エリーパワー株式会社は蓄電池および蓄電システムの専業メーカーだ。同社はミッションとして「私たちの会社の夢は人類 社会に役立つ仕事をすることだ」を掲げている。主な事業として大型リチウムイオン電池の開発・製造・販売を行う。
沿革:蓄電池の開発と大企業との提携を通じて成長中
エリーパワーは、2006年9月に吉田博一氏ら慶應義塾大学研究室メンバー4人によって設立された。2007年にはリチウムイオン電池セル第一号が完成した。2014年9月にはポータブル蓄電システム「ELIIY ONE(エリーワン)」を発売。同システムは2014年度「グッドデザイン賞 ベスト100」を受賞した。
2016年4月には室内用蓄電システム「POWER YIILE 3(パワーイレ・スリー)」の開発を発表。
同システムは2016年度「グッドデザイン賞」など、複数の賞を受賞。
2019年2月には屋内壁掛蓄電システム「POWER YIILE HEYA(パワーイレ・ヘヤ)」を発売。
同システムは「2019年度グッドデザイン・ベスト100」を受賞した。
2023年11月にはスズキ株式会社と業務提携契約を締結し、250億円の資金調達を実施。

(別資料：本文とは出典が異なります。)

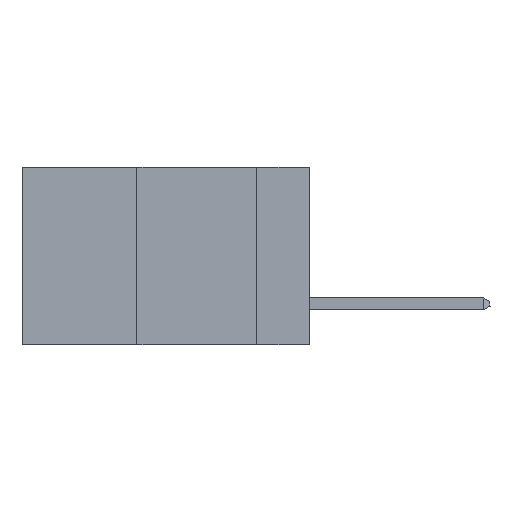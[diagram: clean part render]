
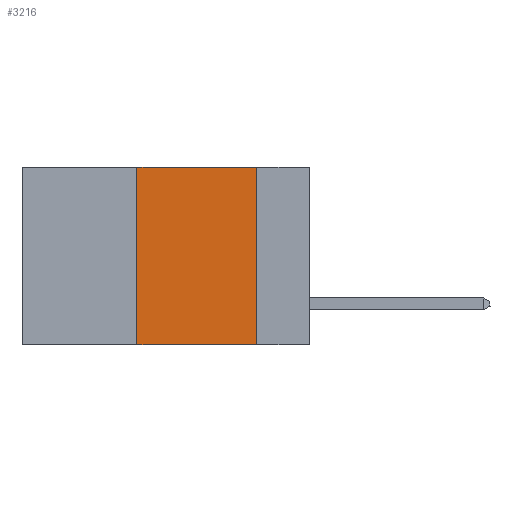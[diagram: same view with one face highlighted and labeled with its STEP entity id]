
A CAD part, left-side view. The second image highlights one B-rep face of the part: STEP entity #3216.
In plain terms, the highlighted planar face has unit normal (-1, 0, 0).
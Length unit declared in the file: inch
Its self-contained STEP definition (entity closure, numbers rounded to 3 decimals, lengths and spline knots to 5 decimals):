
#295 = EDGE_CURVE ( 'NONE', #12748, #24918, #2130, .T. ) ;
#1655 = CARTESIAN_POINT ( 'NONE',  ( 0., 0.6, 0. ) ) ;
#2130 = LINE ( 'NONE', #3723, #6537 ) ;
#3066 = CARTESIAN_POINT ( 'NONE',  ( 0., 0.36, 0. ) ) ;
#3216 = ADVANCED_FACE ( 'NONE', ( #21002 ), #22266, .F. ) ;
#3503 = ORIENTED_EDGE ( 'NONE', *, *, #15454, .F. ) ;
#3723 = CARTESIAN_POINT ( 'NONE',  ( 0., 0.6, -0.37 ) ) ;
#3799 = LINE ( 'NONE', #24798, #26797 ) ;
#4217 = ORIENTED_EDGE ( 'NONE', *, *, #295, .T. ) ;
#4237 = ORIENTED_EDGE ( 'NONE', *, *, #4958, .F. ) ;
#4272 = LINE ( 'NONE', #6882, #21201 ) ;
#4958 = EDGE_CURVE ( 'NONE', #22832, #18256, #27606, .T. ) ;
#6537 = VECTOR ( 'NONE', #19239, 39.37008 ) ;
#6882 = CARTESIAN_POINT ( 'NONE',  ( 0., 0.11, 0. ) ) ;
#12748 = VERTEX_POINT ( 'NONE', #19404 ) ;
#15454 = EDGE_CURVE ( 'NONE', #12748, #22832, #3799, .T. ) ;
#17669 = DIRECTION ( 'NONE',  ( 0., 0., -1. ) ) ;
#18256 = VERTEX_POINT ( 'NONE', #26812 ) ;
#18465 = EDGE_LOOP ( 'NONE', ( #20435, #4237, #3503, #4217 ) ) ;
#19239 = DIRECTION ( 'NONE',  ( 0., -1., 0. ) ) ;
#19404 = CARTESIAN_POINT ( 'NONE',  ( 0., 0.36, -0.37 ) ) ;
#20185 = AXIS2_PLACEMENT_3D ( 'NONE', #22364, #26412, #26602 ) ;
#20435 = ORIENTED_EDGE ( 'NONE', *, *, #25805, .F. ) ;
#20546 = VECTOR ( 'NONE', #27637, 39.37008 ) ;
#21002 = FACE_OUTER_BOUND ( 'NONE', #18465, .T. ) ;
#21201 = VECTOR ( 'NONE', #17669, 39.37008 ) ;
#22266 = PLANE ( 'NONE',  #20185 ) ;
#22364 = CARTESIAN_POINT ( 'NONE',  ( 0., 0.6, 0. ) ) ;
#22832 = VERTEX_POINT ( 'NONE', #3066 ) ;
#24619 = DIRECTION ( 'NONE',  ( 0., 0., 1. ) ) ;
#24798 = CARTESIAN_POINT ( 'NONE',  ( 0., 0.36, 0. ) ) ;
#24918 = VERTEX_POINT ( 'NONE', #25710 ) ;
#25710 = CARTESIAN_POINT ( 'NONE',  ( 0., 0.11, -0.37 ) ) ;
#25805 = EDGE_CURVE ( 'NONE', #18256, #24918, #4272, .T. ) ;
#26412 = DIRECTION ( 'NONE',  ( 1., 0., 0. ) ) ;
#26602 = DIRECTION ( 'NONE',  ( 0., 0., -1. ) ) ;
#26797 = VECTOR ( 'NONE', #24619, 39.37008 ) ;
#26812 = CARTESIAN_POINT ( 'NONE',  ( 0., 0.11, 0. ) ) ;
#27606 = LINE ( 'NONE', #1655, #20546 ) ;
#27637 = DIRECTION ( 'NONE',  ( 0., -1., 0. ) ) ;

事業内容:大型リチウムイオン電池および蓄電システムの開発・製造・販売
エリーパワー株式会社は大型リチウムイオン電池および蓄電システムの開発や製造、販売を行う。同社は主に災害時のバックアップ電源として住宅・法人用に、また再生可能エネルギーの供給安定化を図るために公共・産業用にも販売。
主な製品
POWER YIILE HEYA S(パワーイレ・ヘヤ・エス)
可搬型蓄電システム
住宅・法人用
非常時のバックアップ電源に特化
蓄電容量:1.3kWh 出力:500W
Power Storager X (パワーストレージャー・エックス)
汎用型産業用蓄電システム
公共・産業用
バックアップ電源として、また電力使用量の調整など様々な用途で利用可能
蓄電容量 16.2kWh~129.6kWh
エリーパワーの実績
小型のリチウムイオン電池は、軽量・大容量という特性を持つ一方、使用中に発煙・発火するなどのリスクが問題視されていた。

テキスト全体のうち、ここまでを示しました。